Yes Lucy it will be a big boost. I am sitting beside my son who is preparing his dissertation on the value of Nature for physical and mental health. The formal study is landscape architecture.
Great review for an interesting sounding book. Anne, your comment about books and libraries reminded me that we should all be able to get these books from our own local public libraries via “inter-library loan”. That is one of the values of the public library system. At least it is then possible to see if you want/need to buy your own copy for these pricey editions.
That’s true,Kathleen. That system has worked wonderfully for me in the past. Thanks for the reminder.
Dear Kathleen. Thank you for your comments. The inter library loans do not have a great selection of horti books. I have been trying in vain to get a look at Gilles Clement’s “Planetary Garden”. Not available. I would love to know whether it is readable in translation. I don’t know who to ask so I shall ask you!
Hi, Catharine. Beautifully written review. Love the idea of ground elder under taller perennials, though I don’t think it’s something I can transfer to my smaller garden easily.
Hello Helen
I think Anne, Gerritsen and the bods commenting here on ground elder must have space (I know Anne does) I do not and so am less relaxed when the elder starts to romp.
I read Henk’s book a long time ago and remember it mainly for its “aura” and for Henk’s description of himself “weeding like a cow.” I still say I enjoy weeding like a cow, wandering through the garden, pulling this and that. An important book that you review has inspired me to read again. I visited Priona last summer. There’s a very fine restaurant in the middle of it now, part of an attempt to keep the garden alive.
Yes that new restaurant has a celebrated chef and is a cool place – tell people to visit. Think I must go on bicycling holiday with landscape architect son – Mein Ruys is just down the road too.
Thank you for this review. Even without reading the book itself, there’s more than enough to think about. I’ve deliberately tried to make a feature patch of variegated ground elder (Anne never gave me the plants I asked for, probably doesn’t like copycats!) and failed. I’m such a bad gardener that I can’t even grow weeds! And Cheryl, a few years ago Gardening Express did offer potted dandelions for sale and, I recall, sold out! We aim for some perception of weed-free perfection and waste a lot of time and energy failing to achieve that. But, in general, what we call weeds are merely wild flowers and, being native, have their role in the environment around us. A modicum of control is OK but I avoid eradication. The message is good – instead of fighting a losing battle against nature, we will achieve far more by working with her.

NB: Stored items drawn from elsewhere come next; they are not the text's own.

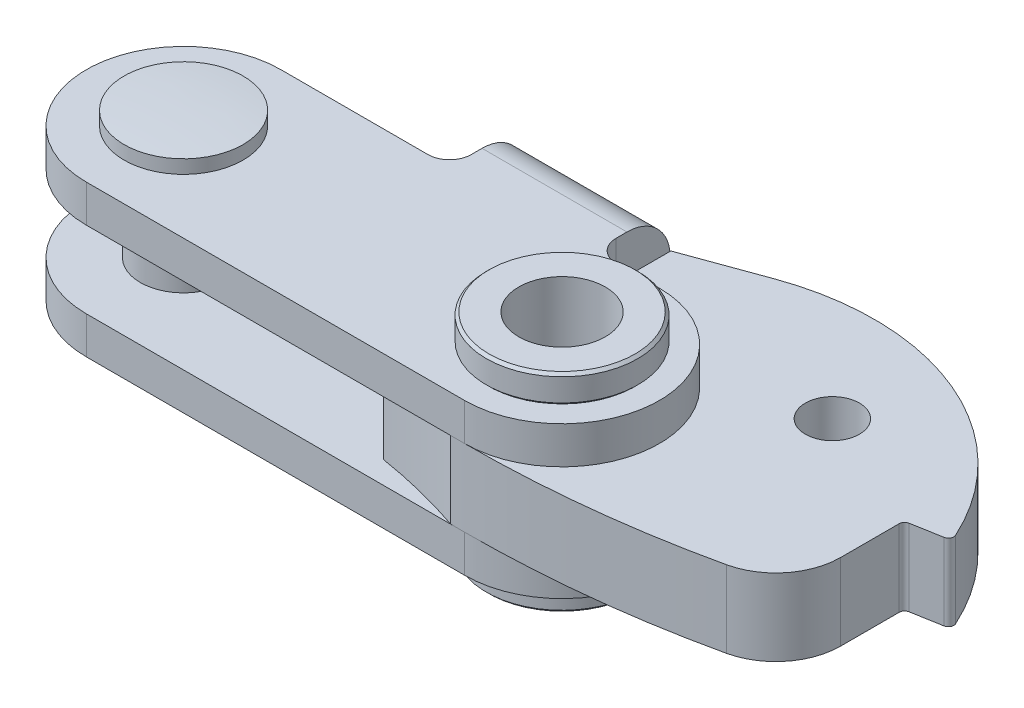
ISO-10303-21;
HEADER;
FILE_DESCRIPTION(('STEP AP214'),'2;1');
FILE_NAME('part.step','',(''),(''),'','','');
FILE_SCHEMA(('AUTOMOTIVE_DESIGN { 1 0 10303 214 1 1 1 1 }'));
ENDSEC;
DATA;
#1=APPLICATION_CONTEXT('core data for automotive mechanical design processes');
#2=APPLICATION_PROTOCOL_DEFINITION('international standard','automotive_design',2000,#1);
#3=PRODUCT_CONTEXT('',#1,'mechanical');
#4=PRODUCT('Part','Part','',(#3));
#5=PRODUCT_RELATED_PRODUCT_CATEGORY('part','',(#4));
#6=PRODUCT_DEFINITION_FORMATION('','',#4);
#7=PRODUCT_DEFINITION_CONTEXT('part definition',#1,'design');
#8=PRODUCT_DEFINITION('design','',#6,#7);
#9=PRODUCT_DEFINITION_SHAPE('','',#8);
#10=(LENGTH_UNIT() NAMED_UNIT(*) SI_UNIT(.MILLI.,.METRE.));
#11=(NAMED_UNIT(*) PLANE_ANGLE_UNIT() SI_UNIT($,.RADIAN.));
#12=(NAMED_UNIT(*) SI_UNIT($,.STERADIAN.) SOLID_ANGLE_UNIT());
#13=UNCERTAINTY_MEASURE_WITH_UNIT(LENGTH_MEASURE(1.E-05),#10,'distance_accuracy_value','');
#14=(GEOMETRIC_REPRESENTATION_CONTEXT(3) GLOBAL_UNCERTAINTY_ASSIGNED_CONTEXT((#13)) GLOBAL_UNIT_ASSIGNED_CONTEXT((#10,
#11,#12)) REPRESENTATION_CONTEXT('',''));
#15=CARTESIAN_POINT('',(0.,0.,0.));
#16=DIRECTION('',(0.,0.,1.));
#17=DIRECTION('',(1.,0.,0.));
#18=AXIS2_PLACEMENT_3D('',#15,#16,#17);
#19=CARTESIAN_POINT('',(35.,-9.7,0.));
#20=DIRECTION('',(0.,1.,0.));
#21=DIRECTION('',(0.,0.,-1.));
#22=AXIS2_PLACEMENT_3D('',#19,#20,#21);
#23=CYLINDRICAL_SURFACE('',#22,4.);
#24=CARTESIAN_POINT('',(35.,-9.6,0.));
#25=DIRECTION('',(0.,-1.,0.));
#26=DIRECTION('',(0.,0.,-1.));
#27=AXIS2_PLACEMENT_3D('',#24,#25,#26);
#28=CIRCLE('',#27,4.);
#29=CARTESIAN_POINT('',(35.,-9.6,-4.));
#30=VERTEX_POINT('',#29);
#31=EDGE_CURVE('E1712',#30,#30,#28,.T.);
#32=ORIENTED_EDGE('',*,*,#31,.T.);
#33=EDGE_LOOP('',(#32));
#34=FACE_BOUND('',#33,.T.);
#35=CARTESIAN_POINT('',(35.,9.6,0.));
#36=DIRECTION('',(0.,1.,0.));
#37=DIRECTION('',(0.,0.,1.));
#38=AXIS2_PLACEMENT_3D('',#35,#36,#37);
#39=CIRCLE('',#38,4.);
#40=CARTESIAN_POINT('',(35.,9.6,4.));
#41=VERTEX_POINT('',#40);
#42=EDGE_CURVE('E1714',#41,#41,#39,.T.);
#43=ORIENTED_EDGE('',*,*,#42,.T.);
#44=EDGE_LOOP('',(#43));
#45=FACE_BOUND('',#44,.T.);
#46=ADVANCED_FACE('F14',(#34,#45),#23,.F.);
#47=CARTESIAN_POINT('',(13.5999999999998,-7.,-11.0000000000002));
#48=DIRECTION('',(0.,1.,0.));
#49=DIRECTION('',(0.,0.,1.));
#50=AXIS2_PLACEMENT_3D('',#47,#48,#49);
#51=CYLINDRICAL_SURFACE('',#50,2.00000000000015);
#52=DIRECTION('',(0.,1.,0.));
#53=VECTOR('',#52,1.);
#54=CARTESIAN_POINT('',(15.6,-7.,-11.));
#55=LINE('',#54,#53);
#56=CARTESIAN_POINT('',(15.6,3.55,-11.0000000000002));
#57=VERTEX_POINT('',#56);
#58=CARTESIAN_POINT('',(15.6,7.,-11.));
#59=VERTEX_POINT('',#58);
#60=EDGE_CURVE('E333',#57,#59,#55,.T.);
#61=ORIENTED_EDGE('',*,*,#60,.F.);
#62=CARTESIAN_POINT('',(13.5999999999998,3.55,-11.0000000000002));
#63=DIRECTION('',(0.,1.,0.));
#64=DIRECTION('',(1.,0.,0.));
#65=AXIS2_PLACEMENT_3D('',#62,#63,#64);
#66=CIRCLE('',#65,2.00000000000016);
#67=CARTESIAN_POINT('',(13.5999999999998,3.55,-9.));
#68=VERTEX_POINT('',#67);
#69=EDGE_CURVE('E1527',#68,#57,#66,.T.);
#70=ORIENTED_EDGE('',*,*,#69,.F.);
#71=DIRECTION('',(0.,1.,0.));
#72=VECTOR('',#71,1.);
#73=CARTESIAN_POINT('',(13.5999999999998,-7.,-9.));
#74=LINE('',#73,#72);
#75=CARTESIAN_POINT('',(13.5999999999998,7.,-9.));
#76=VERTEX_POINT('',#75);
#77=EDGE_CURVE('E329',#68,#76,#74,.T.);
#78=ORIENTED_EDGE('',*,*,#77,.T.);
#79=CARTESIAN_POINT('',(13.5999999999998,7.,-11.0000000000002));
#80=DIRECTION('',(0.,-1.,0.));
#81=DIRECTION('',(0.,0.,-1.));
#82=AXIS2_PLACEMENT_3D('',#79,#80,#81);
#83=CIRCLE('',#82,2.00000000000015);
#84=EDGE_CURVE('E1471',#59,#76,#83,.T.);
#85=ORIENTED_EDGE('',*,*,#84,.F.);
#86=EDGE_LOOP('',(#61,#70,#78,#85));
#87=FACE_BOUND('',#86,.T.);
#88=ADVANCED_FACE('F392',(#87),#51,.F.);
#89=CARTESIAN_POINT('',(13.6,-7.,-9.));
#90=DIRECTION('',(0.,0.,-1.));
#91=DIRECTION('',(0.,1.,0.));
#92=AXIS2_PLACEMENT_3D('',#89,#90,#91);
#93=PLANE('',#92);
#94=ORIENTED_EDGE('',*,*,#77,.F.);
#95=DIRECTION('',(1.,0.,0.));
#96=VECTOR('',#95,1.);
#97=CARTESIAN_POINT('',(0.,3.55,-9.));
#98=LINE('',#97,#96);
#99=CARTESIAN_POINT('',(0.,3.55,-9.));
#100=VERTEX_POINT('',#99);
#101=EDGE_CURVE('E1529',#100,#68,#98,.T.);
#102=ORIENTED_EDGE('',*,*,#101,.F.);
#103=DIRECTION('',(0.,1.,0.));
#104=VECTOR('',#103,1.);
#105=CARTESIAN_POINT('',(0.,-7.,-9.));
#106=LINE('',#105,#104);
#107=CARTESIAN_POINT('',(0.,7.,-9.));
#108=VERTEX_POINT('',#107);
#109=EDGE_CURVE('E325',#100,#108,#106,.T.);
#110=ORIENTED_EDGE('',*,*,#109,.T.);
#111=DIRECTION('',(-1.,0.,0.));
#112=VECTOR('',#111,1.);
#113=CARTESIAN_POINT('',(13.6,7.,-9.));
#114=LINE('',#113,#112);
#115=EDGE_CURVE('E1474',#76,#108,#114,.T.);
#116=ORIENTED_EDGE('',*,*,#115,.F.);
#117=EDGE_LOOP('',(#94,#102,#110,#116));
#118=FACE_BOUND('',#117,.T.);
#119=ADVANCED_FACE('F399',(#118),#93,.T.);
#120=CARTESIAN_POINT('',(0.,-7.,0.));
#121=DIRECTION('',(0.,1.,0.));
#122=DIRECTION('',(0.,0.,1.));
#123=AXIS2_PLACEMENT_3D('',#120,#121,#122);
#124=CYLINDRICAL_SURFACE('',#123,9.);
#125=ORIENTED_EDGE('',*,*,#109,.F.);
#126=CARTESIAN_POINT('',(0.,3.55,0.));
#127=DIRECTION('',(0.,-1.,0.));
#128=DIRECTION('',(1.,0.,0.));
#129=AXIS2_PLACEMENT_3D('',#126,#127,#128);
#130=CIRCLE('',#129,9.);
#131=CARTESIAN_POINT('',(0.,3.55,9.));
#132=VERTEX_POINT('',#131);
#133=EDGE_CURVE('E1535',#132,#100,#130,.T.);
#134=ORIENTED_EDGE('',*,*,#133,.F.);
#135=DIRECTION('',(0.,1.,0.));
#136=VECTOR('',#135,1.);
#137=CARTESIAN_POINT('',(0.,-7.,9.));
#138=LINE('',#137,#136);
#139=CARTESIAN_POINT('',(0.,7.,9.));
#140=VERTEX_POINT('',#139);
#141=EDGE_CURVE('E321',#132,#140,#138,.T.);
#142=ORIENTED_EDGE('',*,*,#141,.T.);
#143=CARTESIAN_POINT('',(0.,7.,0.));
#144=DIRECTION('',(0.,1.,0.));
#145=DIRECTION('',(0.,0.,-1.));
#146=AXIS2_PLACEMENT_3D('',#143,#144,#145);
#147=CIRCLE('',#146,9.);
#148=EDGE_CURVE('E1477',#108,#140,#147,.T.);
#149=ORIENTED_EDGE('',*,*,#148,.F.);
#150=EDGE_LOOP('',(#125,#134,#142,#149));
#151=FACE_BOUND('',#150,.T.);
#152=ADVANCED_FACE('F464',(#151),#124,.T.);
#153=CARTESIAN_POINT('',(0.,-7.,9.));
#154=DIRECTION('',(0.,0.,1.));
#155=DIRECTION('',(0.,-1.,0.));
#156=AXIS2_PLACEMENT_3D('',#153,#154,#155);
#157=PLANE('',#156);
#158=ORIENTED_EDGE('',*,*,#141,.F.);
#159=DIRECTION('',(-1.,0.,0.));
#160=VECTOR('',#159,1.);
#161=CARTESIAN_POINT('',(35.,3.55,9.));
#162=LINE('',#161,#160);
#163=CARTESIAN_POINT('',(35.,3.55,9.));
#164=VERTEX_POINT('',#163);
#165=EDGE_CURVE('E1537',#164,#132,#162,.T.);
#166=ORIENTED_EDGE('',*,*,#165,.F.);
#167=DIRECTION('',(0.,1.,0.));
#168=VECTOR('',#167,1.);
#169=CARTESIAN_POINT('',(35.,-7.,9.));
#170=LINE('',#169,#168);
#171=CARTESIAN_POINT('',(35.,7.,9.));
#172=VERTEX_POINT('',#171);
#173=EDGE_CURVE('E317',#164,#172,#170,.T.);
#174=ORIENTED_EDGE('',*,*,#173,.T.);
#175=DIRECTION('',(1.,0.,0.));
#176=VECTOR('',#175,1.);
#177=CARTESIAN_POINT('',(0.,7.,9.));
#178=LINE('',#177,#176);
#179=EDGE_CURVE('E1480',#140,#172,#178,.T.);
#180=ORIENTED_EDGE('',*,*,#179,.F.);
#181=EDGE_LOOP('',(#158,#166,#174,#180));
#182=FACE_BOUND('',#181,.T.);
#183=ADVANCED_FACE('F460',(#182),#157,.T.);
#184=CARTESIAN_POINT('',(0.,-7.,9.));
#185=VERTEX_POINT('',#184);
#186=CARTESIAN_POINT('',(0.,-3.55,9.));
#187=VERTEX_POINT('',#186);
#188=EDGE_CURVE('E322',#185,#187,#138,.T.);
#189=ORIENTED_EDGE('',*,*,#188,.T.);
#190=CARTESIAN_POINT('',(0.,-3.55,0.));
#191=DIRECTION('',(0.,1.,0.));
#192=DIRECTION('',(0.,0.,1.));
#193=AXIS2_PLACEMENT_3D('',#190,#191,#192);
#194=CIRCLE('',#193,9.);
#195=CARTESIAN_POINT('',(0.,-3.55,-9.));
#196=VERTEX_POINT('',#195);
#197=EDGE_CURVE('E1361',#196,#187,#194,.T.);
#198=ORIENTED_EDGE('',*,*,#197,.F.);
#199=CARTESIAN_POINT('',(0.,-7.,-9.));
#200=VERTEX_POINT('',#199);
#201=EDGE_CURVE('E326',#200,#196,#106,.T.);
#202=ORIENTED_EDGE('',*,*,#201,.F.);
#203=CARTESIAN_POINT('',(0.,-7.,0.));
#204=DIRECTION('',(0.,1.,0.));
#205=DIRECTION('',(0.,0.,-1.));
#206=AXIS2_PLACEMENT_3D('',#203,#204,#205);
#207=CIRCLE('',#206,9.);
#208=EDGE_CURVE('E1363',#200,#185,#207,.T.);
#209=ORIENTED_EDGE('',*,*,#208,.T.);
#210=EDGE_LOOP('',(#189,#198,#202,#209));
#211=FACE_BOUND('',#210,.T.);
#212=ADVANCED_FACE('F463',(#211),#124,.T.);
#213=ORIENTED_EDGE('',*,*,#201,.T.);
#214=DIRECTION('',(-1.,0.,0.));
#215=VECTOR('',#214,1.);
#216=CARTESIAN_POINT('',(13.5999999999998,-3.55,-9.));
#217=LINE('',#216,#215);
#218=CARTESIAN_POINT('',(13.5999999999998,-3.55,-9.));
#219=VERTEX_POINT('',#218);
#220=EDGE_CURVE('E1376',#219,#196,#217,.T.);
#221=ORIENTED_EDGE('',*,*,#220,.F.);
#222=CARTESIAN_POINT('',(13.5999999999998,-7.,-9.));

I forgot. You can have some to try again if you like, John.
Great that you feel the same John, it’s good to know there are at least two of us!
Thank you Catharine, a beautifully written review and an inspiration for me buy the book immediately. Now more than ever, all of us who have gardens must come to terms with nature as she is, not as we think she should be and understand that we must nurture our environment and gardens thoughtfully. In our own misunderstanding pests and weeds are are simply the names we have chosen to call the things we would rather not have. Foolish us, if dandelions were sold in pots we’d love them.
Cheryl as Anne points out, this book is expensive but I would gladly edit most other horti tomes on my shelves to make way for it.